BOSTON -- There's one thing users, vendors and analysts alike at the Storage World Conference in Boston can agree on -- continuous data protection (CDP) is a confusing term. Even more confusing is who needs it, and why.
"I'm looking at it for my SQL database," said Tory Skyers, network administrator for Fox and Roach Realtors, the nation's fourth largest realtor and a subsidiary of Prudential Financial Inc. "But it's difficult to figure out if it's worth the investment and to make a business case on it to management."
Among the concerns for Skyers is the possibility of writing corrupted data to a CDP store. Most CDP products will roll data back to the last good state of the application, to which Skyers asked, "What's the difference between that and just doing a snapshot?"
Skyers also said he was concerned about using storage space to store corrupted data or to store every single mistake made to files or databases, along with the blocks representing their correction. Another valid concern, Preston said, and another reason to consider CDP very carefully.
Ultimately, however, though CDP has become a commonplace term over the last year, the average user is still struggling to understand the technology and products on the market. That in turn adds up to a scene like the one that took place during a Storage World session headed by Preston Tuesday in which one person out of a room of about 60 attendees raised his hand when asked who was implementing either a true-CDP or near-CDP product.
Moreover, that user, Christopher Baer, an account executive with storage services firm Broadleaf Services LLC, is using IBM's CDP product, which is actually near-CDP. In Baer's environment, files are backed up every hour for laptops and sent to the home directory when the users of those laptops log into the company's network.
"Getting down to the second really doesn't matter," Baer said. There hasn't been a big cry for it among the storage customers he serves, either, he said. "Even in the healthcare and legal professions, hourly snapshots work just fine."
Sorting out the user cases for CDP and near-CDP
Out of user discussions at Storage World, as well as the session moderated by Preston, two key usage scenarios emerged in which true-CDP products have a clear benefit. The first: environments in which multiple servers need to be backed up using snapshots all at once. The second: environments with recovery point objectives (RPO) of zero.
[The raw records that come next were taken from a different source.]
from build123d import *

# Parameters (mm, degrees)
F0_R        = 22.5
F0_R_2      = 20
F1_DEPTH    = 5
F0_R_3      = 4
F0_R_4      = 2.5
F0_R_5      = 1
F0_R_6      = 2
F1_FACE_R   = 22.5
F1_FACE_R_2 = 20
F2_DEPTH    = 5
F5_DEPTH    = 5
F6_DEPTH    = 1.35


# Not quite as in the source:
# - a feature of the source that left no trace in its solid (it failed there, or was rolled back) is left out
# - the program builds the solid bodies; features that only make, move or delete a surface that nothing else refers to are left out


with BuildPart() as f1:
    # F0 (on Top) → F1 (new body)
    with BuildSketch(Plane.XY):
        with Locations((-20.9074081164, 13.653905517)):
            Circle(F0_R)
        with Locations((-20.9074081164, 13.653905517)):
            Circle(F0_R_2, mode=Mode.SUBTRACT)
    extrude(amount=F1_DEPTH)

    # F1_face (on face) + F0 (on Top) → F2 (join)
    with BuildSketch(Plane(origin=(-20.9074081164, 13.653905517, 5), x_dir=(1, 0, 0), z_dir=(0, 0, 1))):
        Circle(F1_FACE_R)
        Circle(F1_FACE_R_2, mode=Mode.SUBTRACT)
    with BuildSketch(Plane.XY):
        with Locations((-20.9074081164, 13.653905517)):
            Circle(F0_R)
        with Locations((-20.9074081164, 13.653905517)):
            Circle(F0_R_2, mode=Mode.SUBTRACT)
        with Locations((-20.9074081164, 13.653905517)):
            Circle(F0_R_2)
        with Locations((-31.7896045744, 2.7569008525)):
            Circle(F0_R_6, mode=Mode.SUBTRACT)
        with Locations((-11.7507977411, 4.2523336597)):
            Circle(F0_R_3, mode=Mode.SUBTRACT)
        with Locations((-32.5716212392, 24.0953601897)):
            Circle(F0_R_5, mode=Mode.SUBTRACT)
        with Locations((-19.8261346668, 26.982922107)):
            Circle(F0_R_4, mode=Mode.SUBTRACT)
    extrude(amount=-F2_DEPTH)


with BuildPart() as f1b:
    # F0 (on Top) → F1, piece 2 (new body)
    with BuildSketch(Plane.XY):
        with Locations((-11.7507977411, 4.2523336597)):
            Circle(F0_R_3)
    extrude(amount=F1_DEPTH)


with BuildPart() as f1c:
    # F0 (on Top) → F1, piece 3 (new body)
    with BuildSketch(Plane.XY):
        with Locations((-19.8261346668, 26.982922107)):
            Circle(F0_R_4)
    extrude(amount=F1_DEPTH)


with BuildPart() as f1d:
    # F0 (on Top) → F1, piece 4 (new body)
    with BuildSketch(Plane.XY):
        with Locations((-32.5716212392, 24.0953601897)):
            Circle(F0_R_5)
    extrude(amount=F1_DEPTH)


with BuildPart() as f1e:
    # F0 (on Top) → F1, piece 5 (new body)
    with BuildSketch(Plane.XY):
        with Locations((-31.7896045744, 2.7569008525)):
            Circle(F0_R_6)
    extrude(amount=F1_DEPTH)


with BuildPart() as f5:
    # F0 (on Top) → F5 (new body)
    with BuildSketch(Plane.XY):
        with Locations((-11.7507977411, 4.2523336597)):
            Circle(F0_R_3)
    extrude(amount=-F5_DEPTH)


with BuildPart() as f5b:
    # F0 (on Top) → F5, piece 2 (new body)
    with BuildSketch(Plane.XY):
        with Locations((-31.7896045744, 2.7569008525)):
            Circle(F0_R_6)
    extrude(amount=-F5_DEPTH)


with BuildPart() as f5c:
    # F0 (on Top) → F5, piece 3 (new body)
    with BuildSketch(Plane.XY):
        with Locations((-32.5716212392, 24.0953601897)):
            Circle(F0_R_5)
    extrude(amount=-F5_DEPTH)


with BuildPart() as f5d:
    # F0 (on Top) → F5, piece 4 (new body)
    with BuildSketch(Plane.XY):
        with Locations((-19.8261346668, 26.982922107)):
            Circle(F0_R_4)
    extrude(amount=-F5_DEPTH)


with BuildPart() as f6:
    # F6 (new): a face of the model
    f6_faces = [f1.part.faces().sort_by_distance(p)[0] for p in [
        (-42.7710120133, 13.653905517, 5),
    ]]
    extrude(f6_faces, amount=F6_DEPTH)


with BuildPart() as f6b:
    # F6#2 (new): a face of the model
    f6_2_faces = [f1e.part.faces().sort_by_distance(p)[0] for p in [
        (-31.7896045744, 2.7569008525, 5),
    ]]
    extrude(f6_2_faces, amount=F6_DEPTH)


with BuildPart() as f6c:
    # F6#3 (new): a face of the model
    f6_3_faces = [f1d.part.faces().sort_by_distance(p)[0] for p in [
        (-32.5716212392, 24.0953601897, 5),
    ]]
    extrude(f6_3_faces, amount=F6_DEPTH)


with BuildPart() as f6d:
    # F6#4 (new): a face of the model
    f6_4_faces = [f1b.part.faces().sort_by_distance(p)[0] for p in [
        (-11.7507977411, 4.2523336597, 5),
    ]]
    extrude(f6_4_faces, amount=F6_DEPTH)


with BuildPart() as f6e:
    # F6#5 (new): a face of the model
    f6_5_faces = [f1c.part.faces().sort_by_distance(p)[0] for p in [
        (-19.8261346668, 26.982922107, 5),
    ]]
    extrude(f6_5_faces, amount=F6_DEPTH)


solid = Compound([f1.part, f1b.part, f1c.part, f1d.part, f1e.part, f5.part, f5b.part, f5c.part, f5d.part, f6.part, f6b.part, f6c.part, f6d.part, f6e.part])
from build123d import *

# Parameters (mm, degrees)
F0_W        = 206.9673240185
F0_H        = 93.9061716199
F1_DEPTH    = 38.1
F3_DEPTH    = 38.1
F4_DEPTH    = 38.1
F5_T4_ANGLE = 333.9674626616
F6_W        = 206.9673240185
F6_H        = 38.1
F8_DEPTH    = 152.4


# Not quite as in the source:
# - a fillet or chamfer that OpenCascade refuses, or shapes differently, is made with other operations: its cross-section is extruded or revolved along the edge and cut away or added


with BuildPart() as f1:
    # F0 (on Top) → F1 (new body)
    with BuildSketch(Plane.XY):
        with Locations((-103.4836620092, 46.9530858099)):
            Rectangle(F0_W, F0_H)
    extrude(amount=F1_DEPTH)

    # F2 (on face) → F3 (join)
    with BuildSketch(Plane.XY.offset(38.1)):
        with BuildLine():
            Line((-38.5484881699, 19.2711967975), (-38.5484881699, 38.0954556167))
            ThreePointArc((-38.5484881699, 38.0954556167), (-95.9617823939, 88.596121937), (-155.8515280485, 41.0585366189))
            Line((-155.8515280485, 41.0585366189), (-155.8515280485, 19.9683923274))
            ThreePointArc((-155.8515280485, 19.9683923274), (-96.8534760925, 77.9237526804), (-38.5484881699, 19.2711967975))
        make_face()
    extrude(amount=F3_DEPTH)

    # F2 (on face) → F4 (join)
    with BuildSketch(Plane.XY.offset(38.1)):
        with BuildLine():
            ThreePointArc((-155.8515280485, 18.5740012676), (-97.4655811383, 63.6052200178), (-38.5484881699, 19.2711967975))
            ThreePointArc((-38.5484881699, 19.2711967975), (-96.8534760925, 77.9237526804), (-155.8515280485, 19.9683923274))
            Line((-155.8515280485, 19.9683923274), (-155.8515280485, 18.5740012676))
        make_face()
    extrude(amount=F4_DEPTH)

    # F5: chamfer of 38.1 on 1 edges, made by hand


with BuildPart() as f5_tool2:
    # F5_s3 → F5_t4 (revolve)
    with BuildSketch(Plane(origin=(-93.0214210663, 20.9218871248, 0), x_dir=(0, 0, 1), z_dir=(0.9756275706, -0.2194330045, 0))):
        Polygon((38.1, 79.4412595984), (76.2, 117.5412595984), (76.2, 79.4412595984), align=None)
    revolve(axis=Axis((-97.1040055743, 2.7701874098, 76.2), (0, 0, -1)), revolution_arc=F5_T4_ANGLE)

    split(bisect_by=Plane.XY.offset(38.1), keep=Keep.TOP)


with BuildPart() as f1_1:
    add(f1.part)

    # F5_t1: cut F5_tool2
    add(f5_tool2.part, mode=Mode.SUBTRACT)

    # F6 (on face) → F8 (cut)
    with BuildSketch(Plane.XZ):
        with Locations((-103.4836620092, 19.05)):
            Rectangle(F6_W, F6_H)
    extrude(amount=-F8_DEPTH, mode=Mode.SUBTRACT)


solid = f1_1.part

The rest, according to Preston, is just hype -- or better served by near-CDP products, snapshots or some other form of disk-based backup.
Adding further confusion to the market is a process marketed by both EMC Corp. and Hitachi Data Systems Inc. (HDS) called Business Continuance Volumes (BCVs), which are really split mirrors, Preston said, but are referred to as snapshots by vendors. BCVs are full copies of a volume rather than a virtual recreation of a system. And thus, fall prey to further attempts at confusion by true-CDP and near-CDP vendors about the amount of disk space taken up by snapshots as opposed to true-CDP and near-CDP products copying every block of data. A full snapshot or even an incremental BCV in busy environments can take up as much or more disk space as a fully continuous backup -- and in environments where BCVs have found a happy home, true-CDP can have a value proposition to offer over them, Preston said.
True-CDP is also easier from a management perspective in large heterogeneous environments that need to take frequent snapshots. "It is true that when you have multiple different applications on multiple different servers, and you need to quiesce those applications and do a snapshot on them all at the same time, CDP will work better than traditional snapshots," Preston said.
In environments such as banks or online retailers, in which large databases are processing hundreds or even millions of transactions per second and when even one lost transaction could do the business serious harm, true-CDP is also the way to go, Preston said. There are tools within databases, like Oracle's Recovery Manager, that technically offer their own transaction-level recovery, he pointed out. However, these applications often keep the most recent transactions in online redo logs, which aren't copied until they're filled; meaning that depending on how big that log is, transactions could be lost in the event of a failure.
Baer predicted that true CDP could become more attractive as a tool for regulatory compliance as legislation becomes more and more stringent, since true-CDP tracks and keeps every change made to every block within an application, showing when and what changes were made.
Before true-CDP can gain broader appeal, both Baer and Preston said products in this space must, at the very least, become better integrated with traditional backup products and other applications and processes.
"CDP products make the case that they are unobtrusive, which is true, but they're so different from how we've always done things, and traditional backup applications can't control them the way they can other disk-based backup products, like virtual tape libraries (VTL)," Preston said. "It's a nice idea to have everything backed up to within a second, but if you're telling me I still need to run my backup application alongside it if I want to keep that infrastructure, as a user, I'm going to tell you, 'I've got enough problems.' "
Baer said he saw some value in CDP products tying in with document management processes that delete documents from machines that aren't authenticated with a key server. These products are used for compliance purposes so that multiple copies of documents or sensitive information isn't floating around on company laptops.